While all eyes quickly reverted to Trump’s efforts to mediate Ukraine-Russia negotiations — even though they were hardly focused on Armenia and Azerbaijan to begin with, as evident from the media questions following the White House Ceremony — let us go over the parameters of this historic breakthrough, how the reached agreements resonate with other regional actors, and most importantly what do these freshly formalized commitments mean for the war affected people of Armenia, Azerbaijan, and the displaced population of Nagorno-Karabakh.
Is the peace deal really a peace deal?
The outcome of the Washington summit, was dubbed, both by the White House official and by international media, as “signing of a peace agreement and the end of the over three decades lasting conflict between Armenia and Azerbaijan”. The caption peace deal, however, is an inaccurate description of the documents produced at the summit. Moreover, prematurely lauding the accomplishment of a peace agreement bears a risk of unwarranted aggravation among Armenian and Azerbaijani societies, for whom learning to live alongside in peace will be a long and challenging task that will require much more than reinstating interstate relationships. Over thirty years of conflict, two wars and numerous clashes have taken their toll of thousands of dead, injured and uprooted from their homes and communities.
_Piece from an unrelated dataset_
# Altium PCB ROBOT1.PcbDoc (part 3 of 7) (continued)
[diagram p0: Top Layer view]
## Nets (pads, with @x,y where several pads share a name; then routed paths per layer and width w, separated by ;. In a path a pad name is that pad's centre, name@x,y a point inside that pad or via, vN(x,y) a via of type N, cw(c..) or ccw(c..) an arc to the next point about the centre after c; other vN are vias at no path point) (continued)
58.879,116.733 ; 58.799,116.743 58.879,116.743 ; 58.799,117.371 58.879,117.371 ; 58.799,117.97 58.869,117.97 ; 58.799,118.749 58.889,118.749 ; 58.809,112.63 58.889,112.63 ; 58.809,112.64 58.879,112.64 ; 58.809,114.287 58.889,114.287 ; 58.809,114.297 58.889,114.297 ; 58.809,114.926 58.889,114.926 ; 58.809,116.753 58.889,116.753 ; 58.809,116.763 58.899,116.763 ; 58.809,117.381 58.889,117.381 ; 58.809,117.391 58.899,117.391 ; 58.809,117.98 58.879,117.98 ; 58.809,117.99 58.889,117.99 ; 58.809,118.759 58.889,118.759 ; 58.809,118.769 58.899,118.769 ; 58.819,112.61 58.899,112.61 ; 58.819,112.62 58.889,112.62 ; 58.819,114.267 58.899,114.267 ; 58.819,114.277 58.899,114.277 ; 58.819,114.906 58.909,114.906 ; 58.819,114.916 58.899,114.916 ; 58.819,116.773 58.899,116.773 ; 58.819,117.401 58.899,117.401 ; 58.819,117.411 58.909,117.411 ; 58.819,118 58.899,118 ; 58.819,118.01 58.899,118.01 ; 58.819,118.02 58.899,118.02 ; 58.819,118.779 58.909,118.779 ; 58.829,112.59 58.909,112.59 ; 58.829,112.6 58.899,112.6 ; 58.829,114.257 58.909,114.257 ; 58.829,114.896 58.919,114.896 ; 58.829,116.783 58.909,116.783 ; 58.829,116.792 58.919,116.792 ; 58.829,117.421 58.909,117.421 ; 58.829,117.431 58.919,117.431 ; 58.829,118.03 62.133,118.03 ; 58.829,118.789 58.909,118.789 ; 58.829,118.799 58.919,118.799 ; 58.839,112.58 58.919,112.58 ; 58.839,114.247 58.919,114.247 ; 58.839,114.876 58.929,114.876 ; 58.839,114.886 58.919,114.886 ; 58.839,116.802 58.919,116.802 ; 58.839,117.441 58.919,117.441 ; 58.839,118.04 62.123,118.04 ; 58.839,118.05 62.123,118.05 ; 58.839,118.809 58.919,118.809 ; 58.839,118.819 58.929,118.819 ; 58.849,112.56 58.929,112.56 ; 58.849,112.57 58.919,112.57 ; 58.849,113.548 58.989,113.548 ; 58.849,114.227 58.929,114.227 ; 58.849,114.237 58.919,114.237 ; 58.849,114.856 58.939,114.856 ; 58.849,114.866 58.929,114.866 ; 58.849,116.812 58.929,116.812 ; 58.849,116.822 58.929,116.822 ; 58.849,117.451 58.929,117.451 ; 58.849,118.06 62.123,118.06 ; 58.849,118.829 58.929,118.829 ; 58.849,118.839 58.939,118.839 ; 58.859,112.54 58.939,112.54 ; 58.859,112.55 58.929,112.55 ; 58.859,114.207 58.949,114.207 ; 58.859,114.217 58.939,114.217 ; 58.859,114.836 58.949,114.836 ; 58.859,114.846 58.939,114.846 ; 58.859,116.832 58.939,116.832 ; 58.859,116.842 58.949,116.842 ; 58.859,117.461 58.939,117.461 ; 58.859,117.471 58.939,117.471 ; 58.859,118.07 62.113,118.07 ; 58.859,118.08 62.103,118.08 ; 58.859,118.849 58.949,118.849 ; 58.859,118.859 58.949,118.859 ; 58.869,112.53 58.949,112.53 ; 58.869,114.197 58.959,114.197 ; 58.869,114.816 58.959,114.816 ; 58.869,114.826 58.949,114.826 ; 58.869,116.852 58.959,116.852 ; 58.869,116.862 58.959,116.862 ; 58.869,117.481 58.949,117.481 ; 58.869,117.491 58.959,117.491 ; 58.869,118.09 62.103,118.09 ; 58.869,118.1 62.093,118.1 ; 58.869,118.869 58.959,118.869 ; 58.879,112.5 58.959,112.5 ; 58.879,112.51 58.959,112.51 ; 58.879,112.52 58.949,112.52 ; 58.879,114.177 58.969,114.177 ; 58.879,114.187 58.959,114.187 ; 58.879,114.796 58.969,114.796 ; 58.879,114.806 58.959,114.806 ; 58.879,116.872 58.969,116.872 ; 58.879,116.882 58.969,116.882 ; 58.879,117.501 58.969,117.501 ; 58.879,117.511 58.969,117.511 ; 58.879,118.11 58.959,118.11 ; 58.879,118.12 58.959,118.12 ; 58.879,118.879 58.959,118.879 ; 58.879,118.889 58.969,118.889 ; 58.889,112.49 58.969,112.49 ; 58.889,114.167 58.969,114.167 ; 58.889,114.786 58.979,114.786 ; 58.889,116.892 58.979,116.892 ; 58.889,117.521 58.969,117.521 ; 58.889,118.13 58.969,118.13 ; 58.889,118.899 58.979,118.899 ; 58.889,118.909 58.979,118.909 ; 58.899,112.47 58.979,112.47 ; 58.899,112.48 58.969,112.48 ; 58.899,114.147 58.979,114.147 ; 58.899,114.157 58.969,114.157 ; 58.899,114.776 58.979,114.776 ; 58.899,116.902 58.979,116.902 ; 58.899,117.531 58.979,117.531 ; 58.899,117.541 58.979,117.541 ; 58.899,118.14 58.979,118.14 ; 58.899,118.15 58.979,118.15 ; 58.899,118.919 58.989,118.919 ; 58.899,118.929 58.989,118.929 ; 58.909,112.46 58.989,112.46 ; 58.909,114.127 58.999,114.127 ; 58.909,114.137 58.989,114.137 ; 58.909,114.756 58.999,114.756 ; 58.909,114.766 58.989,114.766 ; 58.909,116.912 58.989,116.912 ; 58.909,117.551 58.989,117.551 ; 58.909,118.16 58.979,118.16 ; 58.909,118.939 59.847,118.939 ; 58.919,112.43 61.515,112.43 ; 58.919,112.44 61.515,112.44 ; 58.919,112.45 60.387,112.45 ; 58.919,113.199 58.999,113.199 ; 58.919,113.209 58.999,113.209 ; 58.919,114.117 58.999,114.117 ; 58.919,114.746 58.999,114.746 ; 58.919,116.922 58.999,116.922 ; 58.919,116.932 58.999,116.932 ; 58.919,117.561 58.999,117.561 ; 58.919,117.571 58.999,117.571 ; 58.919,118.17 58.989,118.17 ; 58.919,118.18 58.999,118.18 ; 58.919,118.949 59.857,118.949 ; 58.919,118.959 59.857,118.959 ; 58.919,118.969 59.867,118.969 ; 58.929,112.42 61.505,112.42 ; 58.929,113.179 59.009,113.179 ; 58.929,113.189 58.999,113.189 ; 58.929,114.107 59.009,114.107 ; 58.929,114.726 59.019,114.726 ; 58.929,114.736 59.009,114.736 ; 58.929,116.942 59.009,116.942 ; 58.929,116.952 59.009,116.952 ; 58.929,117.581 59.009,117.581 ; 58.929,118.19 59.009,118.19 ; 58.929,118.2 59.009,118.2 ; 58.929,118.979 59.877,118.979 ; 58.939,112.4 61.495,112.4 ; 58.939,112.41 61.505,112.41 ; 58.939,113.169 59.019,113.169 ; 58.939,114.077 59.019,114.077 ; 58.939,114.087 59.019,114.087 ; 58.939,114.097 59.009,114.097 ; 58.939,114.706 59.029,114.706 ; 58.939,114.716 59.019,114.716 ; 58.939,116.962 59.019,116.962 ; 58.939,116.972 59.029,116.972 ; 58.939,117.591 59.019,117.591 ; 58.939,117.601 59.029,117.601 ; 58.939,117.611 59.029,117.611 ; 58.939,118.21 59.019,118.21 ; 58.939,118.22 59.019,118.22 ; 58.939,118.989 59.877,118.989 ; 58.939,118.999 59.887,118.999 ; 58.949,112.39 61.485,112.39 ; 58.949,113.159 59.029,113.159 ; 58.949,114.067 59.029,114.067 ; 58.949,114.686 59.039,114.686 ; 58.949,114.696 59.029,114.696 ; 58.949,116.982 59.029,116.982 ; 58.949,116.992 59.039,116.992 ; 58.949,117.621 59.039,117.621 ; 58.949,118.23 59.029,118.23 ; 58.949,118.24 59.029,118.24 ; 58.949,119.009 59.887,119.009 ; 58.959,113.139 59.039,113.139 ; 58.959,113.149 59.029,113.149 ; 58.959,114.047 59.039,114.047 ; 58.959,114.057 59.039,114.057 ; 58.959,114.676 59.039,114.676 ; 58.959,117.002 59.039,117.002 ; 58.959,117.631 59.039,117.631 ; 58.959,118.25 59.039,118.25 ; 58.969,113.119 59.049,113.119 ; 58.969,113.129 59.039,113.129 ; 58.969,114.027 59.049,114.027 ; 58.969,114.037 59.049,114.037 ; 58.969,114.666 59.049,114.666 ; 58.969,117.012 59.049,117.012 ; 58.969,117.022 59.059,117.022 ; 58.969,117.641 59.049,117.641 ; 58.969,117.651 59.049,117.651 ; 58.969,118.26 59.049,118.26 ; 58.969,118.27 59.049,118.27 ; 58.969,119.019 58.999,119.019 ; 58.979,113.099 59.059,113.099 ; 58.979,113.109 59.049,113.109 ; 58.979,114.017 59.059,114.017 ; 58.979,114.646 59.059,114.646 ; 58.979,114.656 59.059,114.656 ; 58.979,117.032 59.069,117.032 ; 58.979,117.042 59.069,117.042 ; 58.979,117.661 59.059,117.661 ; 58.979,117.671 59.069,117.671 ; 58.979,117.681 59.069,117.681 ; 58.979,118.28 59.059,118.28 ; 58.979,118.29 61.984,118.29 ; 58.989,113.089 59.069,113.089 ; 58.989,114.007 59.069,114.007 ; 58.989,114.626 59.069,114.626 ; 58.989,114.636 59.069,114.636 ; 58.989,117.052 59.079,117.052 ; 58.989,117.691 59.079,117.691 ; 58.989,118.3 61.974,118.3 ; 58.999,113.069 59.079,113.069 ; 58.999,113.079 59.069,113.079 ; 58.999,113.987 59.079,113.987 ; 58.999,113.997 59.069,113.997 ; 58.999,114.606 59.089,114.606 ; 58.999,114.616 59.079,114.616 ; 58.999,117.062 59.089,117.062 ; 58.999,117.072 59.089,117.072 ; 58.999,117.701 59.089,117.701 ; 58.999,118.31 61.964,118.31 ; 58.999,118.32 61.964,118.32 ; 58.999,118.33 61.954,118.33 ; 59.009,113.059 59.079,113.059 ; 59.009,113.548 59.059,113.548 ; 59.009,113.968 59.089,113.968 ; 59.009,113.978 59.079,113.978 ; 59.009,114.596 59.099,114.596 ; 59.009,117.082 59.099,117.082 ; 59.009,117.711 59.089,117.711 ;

Processing this collective trauma, overcoming the enmity that has been accumulating for generations, and calming the anxiety that the next major escalation can erupt at any given moment cannot be forced by leaders shaking hands and proclaiming peace.
If not a peace deal per se, then what exactly was achieved in Washington? Under Trump’s facilitation and months of preceding diplomatic efforts by the US, Pashinyan and Aliyev signed a Joint Declaration, which stipulates several concrete points that will serve as the blueprint for the next phase of negotiations. Although this declaration doesn’t carve the peace agreement in stone, it is undeniably a huge step forward towards tangible and actionable progress in the negotiations that were stalling in the past year. Most importantly, Aliyev and Pashinyan agreed upon a framework of the Agreement on Establishment of Peace and Inter-State relations between the Republic of Azerbaijan and the Republic of Armenia. The latest draft of this agreement was published by the Ministries of Foreign Affairs shortly after the Washington Summit. The scope of the agreement has been in the works bilaterally for almost two years, with several previous versions bouncing back, most notably due to Aliyev’s demand for constitutional reform in Armenia as a precondition for the peace agreement. The version referred to in the joint declaration reportedly has been advanced thanks to the increased engagement of US Special Envoy Steve Witkoff, following intelligence reports about Azerbaijan’s plans to renew hostilities at the border combined with incursions into Armenia’s southern region Syunik.
Speaking of Syunik, the second key element of the deal is the agreement to grant the US exclusive rights for the duration of 99 years to develop the strategic transit route, humbly called “Trump Route for International Peace and Prosperity” or TRIPP. This road, that cuts through Syunik province bordering with Iran, will connect mainland Azerbaijan with its exclave Nakhichivan. Having this connection built and operating will be a great economic benefit for both Armenia and Azerbaijan, as well as for Türkiye. However, the status of this route has been a major source of tension since the November 9 Agreement that ended the war over Nagorno-Karabakh in 2020, when Azerbaijan promptly started invoking the narrative of Zangezur corridor.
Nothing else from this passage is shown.